Welche Rolle spielte diese Gruppierung bei der Papstwahl 2013?
Der Kreis hat sich nach der Wahl von Papst Benedikt 2005 aufgelöst und als solcher bei der Wahl von Papst Franziskus 2013 gar nicht mehr existiert. Einzelne ehemalige Mitglieder trafen sich nach der eindrucksvollen Ruck-Rede von Kardinal Bergoglio mit anderen Kardinälen und erörterten dessen Wahl. Dass es dann im Konklave zur notwendigen Zweidrittelmehrheit für ihn kam, war nicht das Werk einer relativ kleinen «Mafia», sondern das Werk des Heiligen Geistes.
Papst Franziskus wollte das Pflichtzölibat lockern, auch über das Frauendiakonat dachte er nach. Doch am Ende hat er gebremst. Weshalb?
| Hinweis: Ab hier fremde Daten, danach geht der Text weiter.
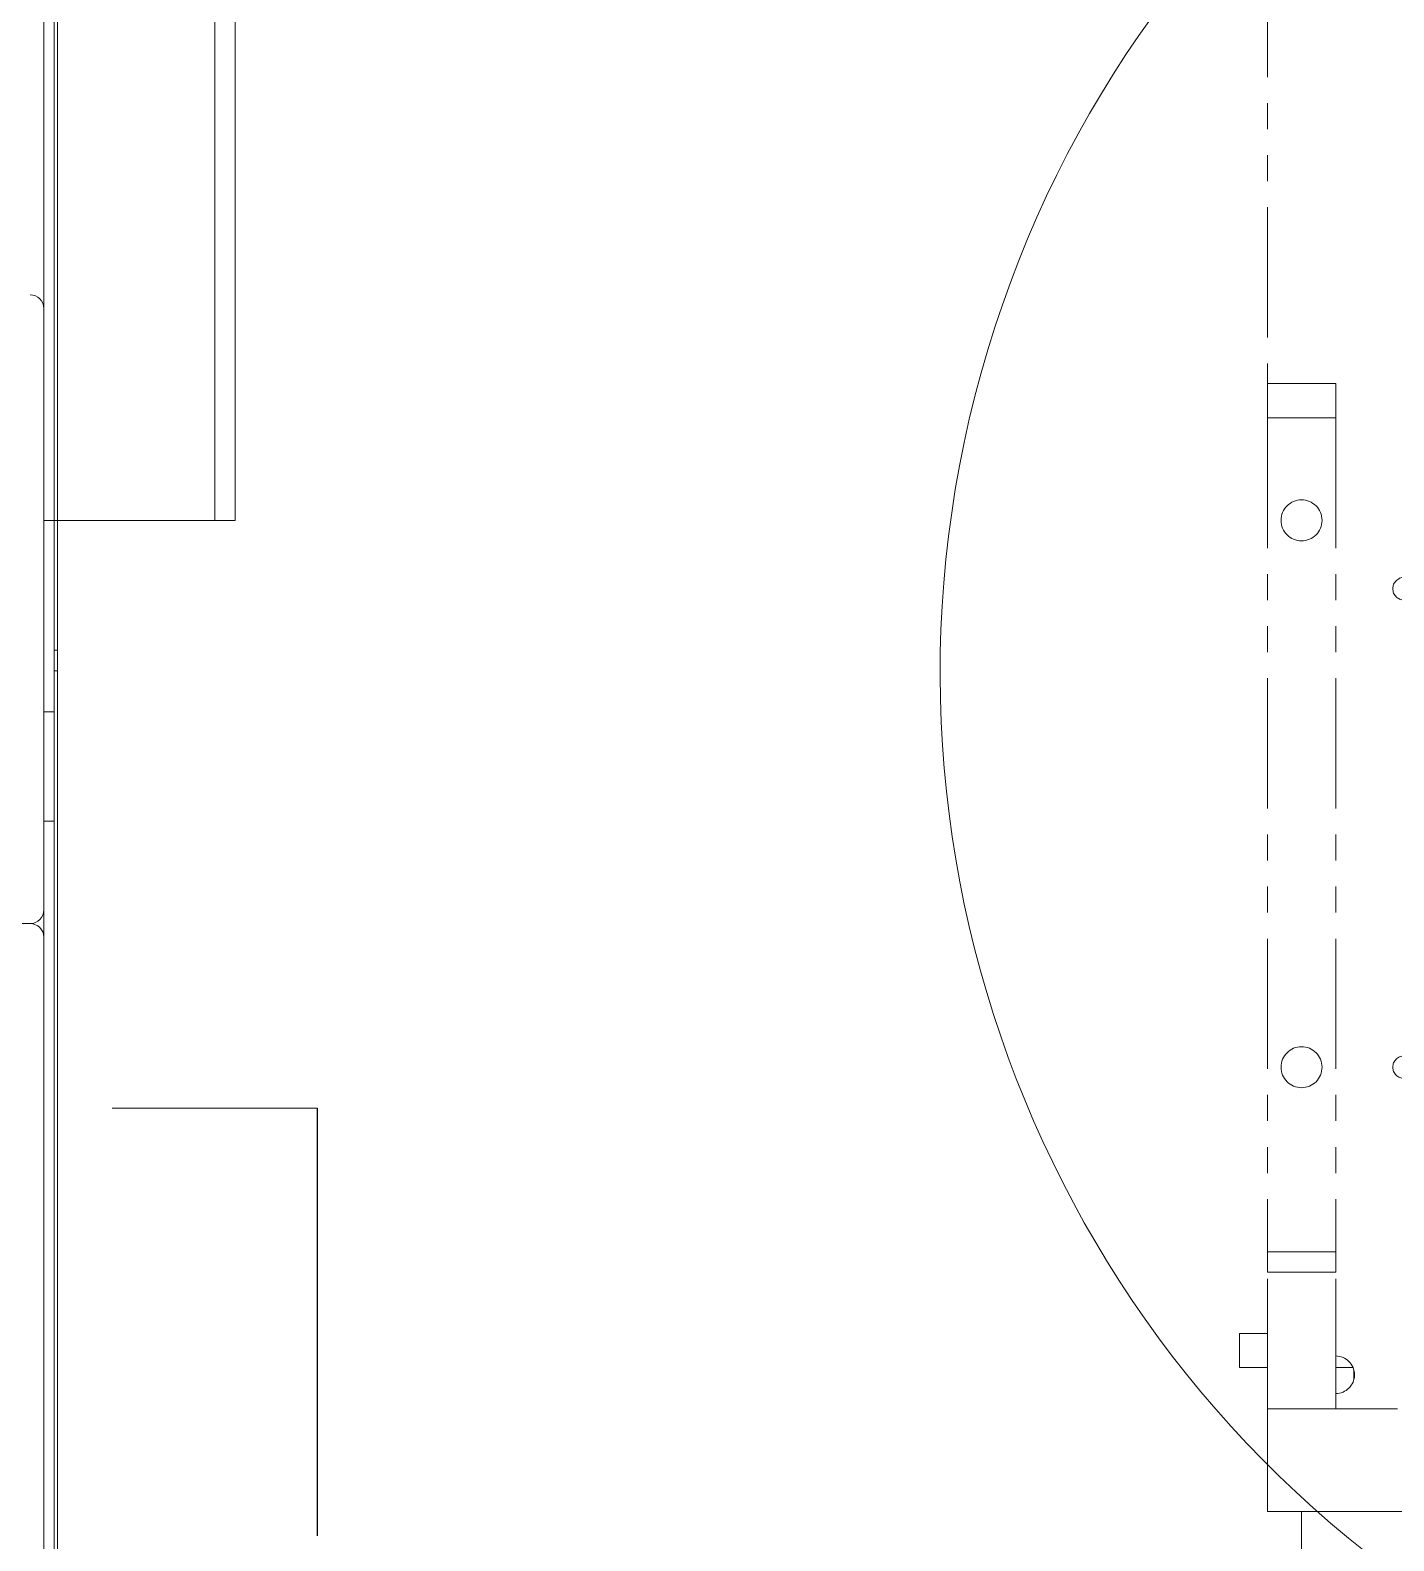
# Model space of a CAD drawing. Extents: x 500 to 100500, y -14500 to 21140.
# Drawn here: x 6210.5 to 6410, y -6317.3 to -6096.3 of the extents above; entities that cross this region are included whole.
import ezdxf

# ---------------------------------------------------------------- set-up
doc = ezdxf.new("R2010")
doc.units = 0
doc.linetypes.add('PHANTOM', pattern=[12.7, 6.35, -1.27, 1.27, -1.27, 1.27, -1.27])
doc.linetypes.add('SLD-Solid', pattern=[0])
doc.layers.get('0').update_dxf_attribs({"linetype": 'CONTINUOUS'})
doc.layers.add('D', color=7, linetype='CONTINUOUS')
doc.layers.add('M06SMMF-001B', color=7, linetype='CONTINUOUS')
doc.layers.add('MODEL', color=7, linetype='SLD-Solid', lineweight=15)

# ---------------------------------------------------------------- blocks, each defined once
blk = doc.blocks.new('KA$Cbf7906b1')
at = {"layer": 'M06SMMF-001B', "color": 6}
blk.add_line((218, 664.6), (218, 602.03), dxfattribs=at)
at = {"layer": 'MODEL'}
for p, q in [((203, 885.6), (203, 750.6)), ((206, 885.6), (206, 750.6)), ((178, 781.6), (178, 464.6)), ((203, 750.6), (178, 750.6)), ((179.5, 731.6), (179.5, 750.6)), ((180, 731.6), (180, 750.6)), ((206, 750.6), (203, 750.6)), ((179.5, 731.6), (180, 731.6)), ((179.5, 728.6), (179.5, 731.6)), ((180, 731.6), (180, 728.6)), ((180, 728.6), (179.5, 728.6)), ((179.5, 464.6), (179.5, 728.6)), ((180, 464.6), (180, 728.6)), ((179.5, 722.6), (178, 722.6)), ((179.5, 706.6), (178, 706.6))]:
    blk.add_line(p, q, dxfattribs=at)
at = {"layer": 'MODEL', "color": 6}
blk.add_line((218, 664.6), (188, 664.6), dxfattribs=at)
at = {"layer": 'MODEL'}
blk.add_arc((176, 781.6), 2, 0, 90, dxfattribs=at)
blk = doc.blocks.new('KA$C03f0ad08')
at = {"layer": 'MODEL', "color": 4}
for p, q in [((178, 1289.6), (178, 768.6)), ((179.5, 143.6), (179.5, 1289.6)), ((180, 143.6), (180, 1289.6)), ((109, 766.6), (176, 766.6)), ((178, 764.6), (178, 189.6))]:
    blk.add_line(p, q, dxfattribs=at)
for centre, start, end in [((176, 768.6), 270, 0), ((176, 764.6), 0, 90)]:
    blk.add_arc(centre, 2, start, end, dxfattribs=at)
blk = doc.blocks.new('KASDADS')
at = {"layer": 'MODEL', "color": 4}
blk.add_arc((-53358.87, -66142.79, 21.36), 164, 90, 241.4079, dxfattribs=at)
blk = doc.blocks.new('KA$C100bd9fb')
at = {"color": 60, "linetype": 'PHANTOM', "lineweight": 18, "ltscale": 3}
for p, q in [((20, 472, 21.36), (20, 370, 21.36)), ((20, 370, 21.36), (30, 370, 21.36)), ((20, 365, 21.36), (20, 370, 21.36)), ((30, 370, 21.36), (30, 365, 21.36)), ((30, 365, 21.36), (20, 365, 21.36)), ((20, 365, 21.36), (20, 243, 21.36)), ((30, 365, 21.36), (30, 243, 21.36)), ((20, 243, 21.36), (30, 243, 21.36)), ((20, 240, 21.36), (20, 243, 21.36)), ((30, 243, 21.36), (30, 240, 21.36)), ((30, 240, 21.36), (20, 240, 21.36)), ((20, 220, 21.36), (20, 240, 21.36)), ((30, 220, 21.36), (30, 240, 21.36)), ((20, 231.05, 21.36), (15.93, 231.05, 21.36)), ((15.93, 231.05, 21.36), (15.93, 226.05, 21.36)), ((15.93, 226.05, 21.36), (20, 226.05, 21.36)), ((30, 226.05, 21.36), (32.54, 226.05, 21.36)), ((32.66, 225.7, 21.36), (32.66, 224.3, 21.36)), ((20, 220, 21.36), (30, 220, 21.36)), ((20, 220, 21.36), (20, 205, 21.36)), ((20, 220, 21.36), (430, 220, 21.36)), ((20, 205, 21.36), (430, 205, 21.36)), ((25, 205, 21.36), (25, 0, 21.36)), ((65, 205, 21.36), (25, 205, 21.36))]:
    blk.add_line(p, q, dxfattribs=at)
for centre, radius in [((25, 350, 21.36), 3), ((40, 340, 21.36), 1.65), ((25, 270, 21.36), 3), ((40, 270, 21.36), 1.65)]:
    blk.add_circle(centre, radius, dxfattribs=at)
blk.add_arc((30, 225, 21.36), 2.75, 270, 90, dxfattribs=at)

msp = doc.modelspace()

# ---------------------------------------------------------------- block references
at = {"layer": 'D', "color": 0}
msp.add_blockref('KA$C100bd9fb', (6371.5, -6518.04, -31.83), dxfattribs=at)
at = {"layer": 'D', "color": 1}
msp.add_blockref('KASDADS', (59866.51, 59952.44, -97.17), dxfattribs=at)
at = {"layer": 'M06SMMF-001B'}
for name, p in [('KA$C03f0ad08', (6034.5, -6993.64, -10.47)), ('KA$Cbf7906b1', (6034.5, -6918.64, -10.47))]:
    msp.add_blockref(name, p, dxfattribs=at)

doc.saveas('drawing.dxf')

Ich weiss nur, dass über diese Fragen bei der Amazonien-Synode diskutiert wurde und viele in Amazonien wirkenden Bischöfe eine solche Entscheidung befürworteten. Unter römischen Kardinälen und Bischöfen gab es dagegen Bremser, denen der Papst Rechnung tragen wollte. Von Amts wegen ist er der Einheit der gesamten Kirche verpflichtet. Um eine Zerreissprobe zu vermeiden, beantwortete er beide Fragen nicht negativ, sondern liess sie vielmehr unbeantwortet. Das langsame Tempo der katholischen Kirche mag für viele unbefriedigend sein, aber die Einheit der 1,4 Milliarden Katholiken aus den unterschiedlichsten Kulturen hat ihren Preis: Die Geduld ist die kleine Schwester der Hoffnung.